# Today's Woot...Sony Readers $109.99



## gadgetgirl003 (Mar 22, 2009)

As my title suggests, today Woot has the Sony pocket reader for only 109.99


----------



## Betsy the Quilter (Oct 27, 2008)

Woot!  That's a good deal!

Betsy


----------



## Betsy the Quilter (Oct 27, 2008)

I loved this part of the description:



> Of course there will always be those technophobic, progress-averse Luddites who'll whine about how you never have to worry about battery life with an olde-fashioned book of pulped and bound tree flesh. But you know something, Grandpa? You never have to worry about a sewage clog when you poop in a chamber pot, either. Does that make it better than our fancy, newfangled indoor plumbing?


Betsy


----------



## gadgetgirl003 (Mar 22, 2009)

Betsy the Quilter said:


> Woot!
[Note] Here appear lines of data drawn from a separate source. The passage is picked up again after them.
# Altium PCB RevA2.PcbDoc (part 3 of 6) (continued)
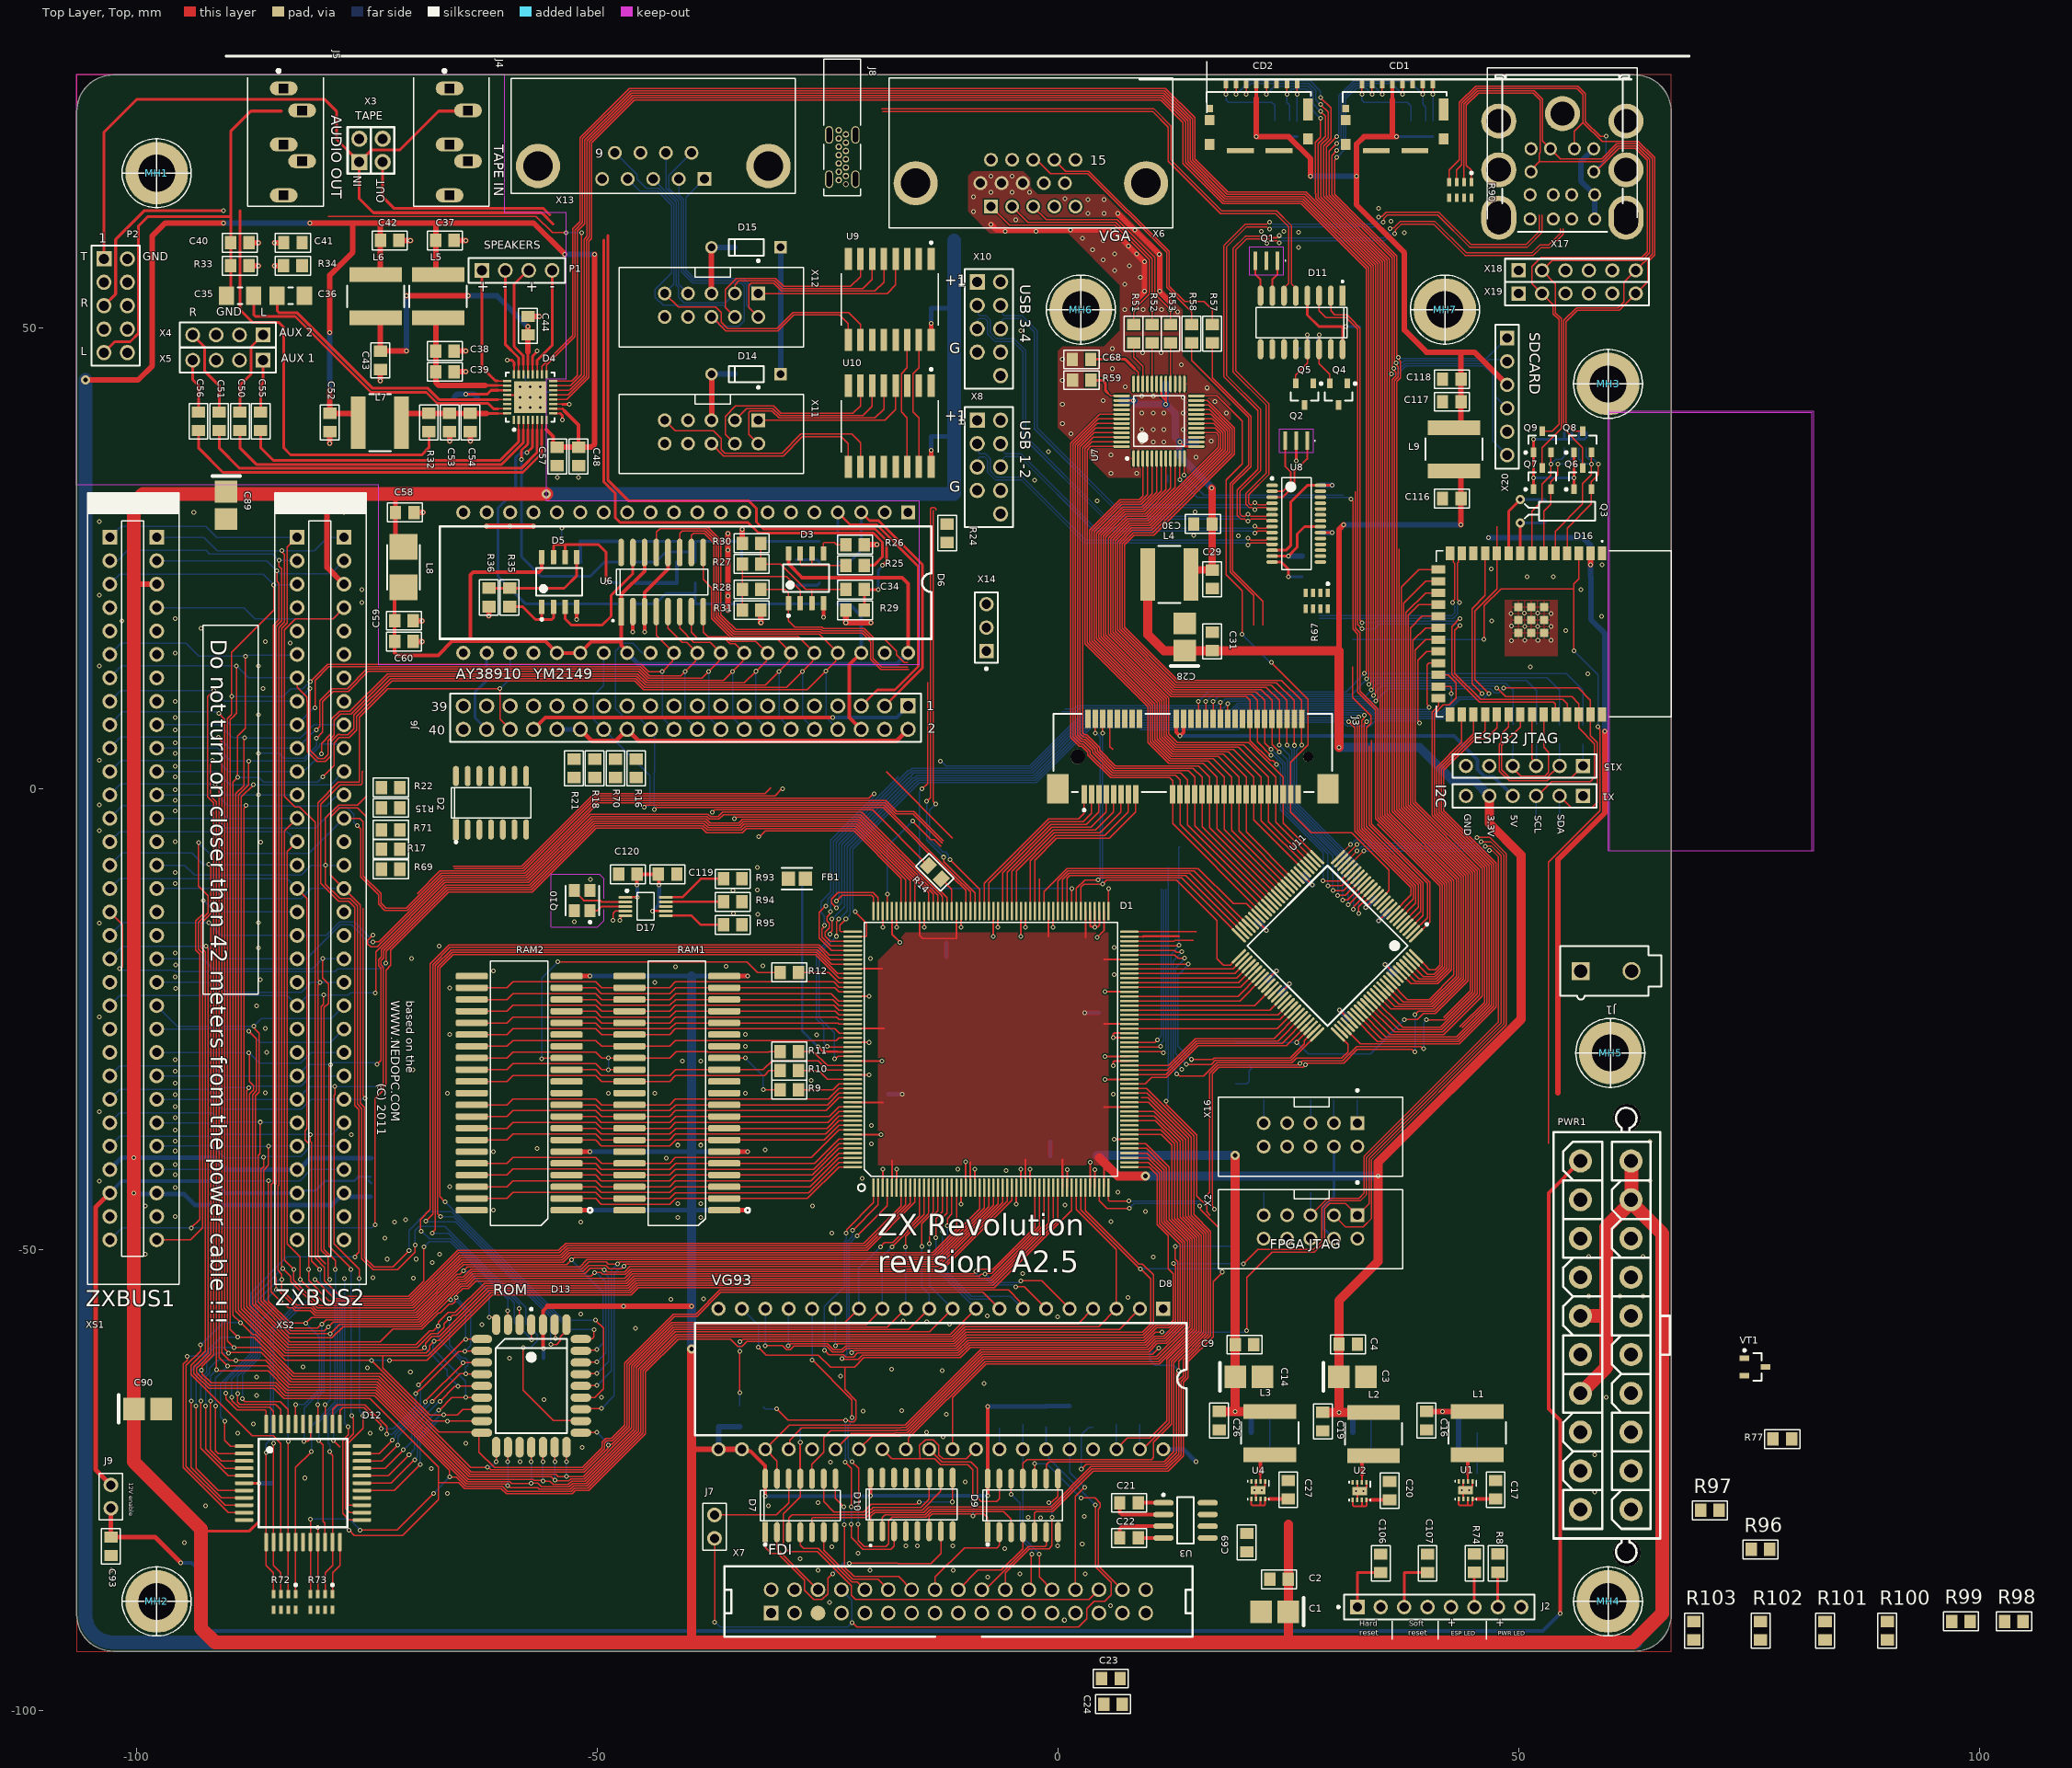
[diagram p0: Top Layer, Top view]
## Nets (pads, with @x,y where several pads share a name; then routed paths per layer and width w, separated by ;. In a path a pad name is that pad's centre, name@x,y a point inside that pad or via, vN(x,y) a via of type N, cw(c..) or ccw(c..) an arc to the next point about the centre after c; other vN are vias at no path point) (continued)
  Bottom Layer, Bottom w0.127: v1(-23.428,-61.82) -22.917,-61.309 -22.917,-49.185 -22.311,-48.58 -22.311,-47.921 v1(-22.273,-47.883) ; v1(12.73,-49.634) 12.747,-49.617 19.208,-49.617 ; 19.29,-30.213 20.756,-30.213 21.01,-29.959 25.989,-29.959 26.199,-29.75 v1(26.25,-29.75) ; v1(39.67,-28.172) 39.712,-28.13 39.712,-25.335 40.007,-25.04 v1(40.007,-25.022)
CSROM_1: D1.150 D2.5 R18.2 | length 21.4
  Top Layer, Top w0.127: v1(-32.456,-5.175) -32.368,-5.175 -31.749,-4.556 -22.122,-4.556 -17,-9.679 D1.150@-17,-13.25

That's a good deal!
> 
> Betsy


I thought so too so it makes me want to buy it just because it seems like such a good deal and then I would be able to read library books. Of course since I am on iPad watch(It's supposed to be delivered Friday) and already have my Kindle, I can't justify getting it right now even with its being offered at such a good price.


----------



## gadgetgirl003 (Mar 22, 2009)

Betsy the Quilter said:


> I loved this part of the description:
> 
> Betsy


LOL I love Woot's little stories.


----------



## Ann in Arlington (Oct 27, 2008)

Woot!  I, too, think the write ups are often the best things on offer on a daily basis!  Mind you, $115 (including shipping) is a good price for the Sony (note it's the 5" screen one, no wireless) but I have no particular need. . . .


----------



## Betsy the Quilter (Oct 27, 2008)

"liberry" books....

Betsy


----------



## Betsy the Quilter (Oct 27, 2008)

Speaking of "woots," Ann, did you ever try out your touch screen thingy?

Betsy


----------



## Ann in Arlington (Oct 27, 2008)

I haven't had time to play with it yet. . .it's just a little thing that clips onto the screen or a paper tablet, and comes with a stylus. . . . .honestly, I have to clear a big enough space on my desk to PUT a paper tablet.    Might be a good project for today.


----------



## cheerio (May 16, 2009)

not a bad price


----------



## KindleMom (Dec 11, 2008)

Did anyone see which Kindle was featured on this morning's woot-off? It had a 6" Kindle listed for $149.99. I'm sorry I missed this, especially if it was the K3.

Here's the tweet.

@wootoff $149.99 : Amazon Kindle Wireless Reading Device 6" Display Global Wireless http://www.woot.com about 10 hours ago via web


----------



## Ann in Arlington (Oct 27, 2008)

Here's a direct link: http://www.woot.com/Blog/ViewEntry.aspx?Id=13960

Looks like it was the K2


----------



## KindleMom (Dec 11, 2008)

Ann in Arlington said:


> Here's a direct link: http://www.woot.com/Blog/ViewEntry.aspx?Id=13960
> 
> Looks like it was the K2


Phew! Thanks, Ann. We already have one of those.


----------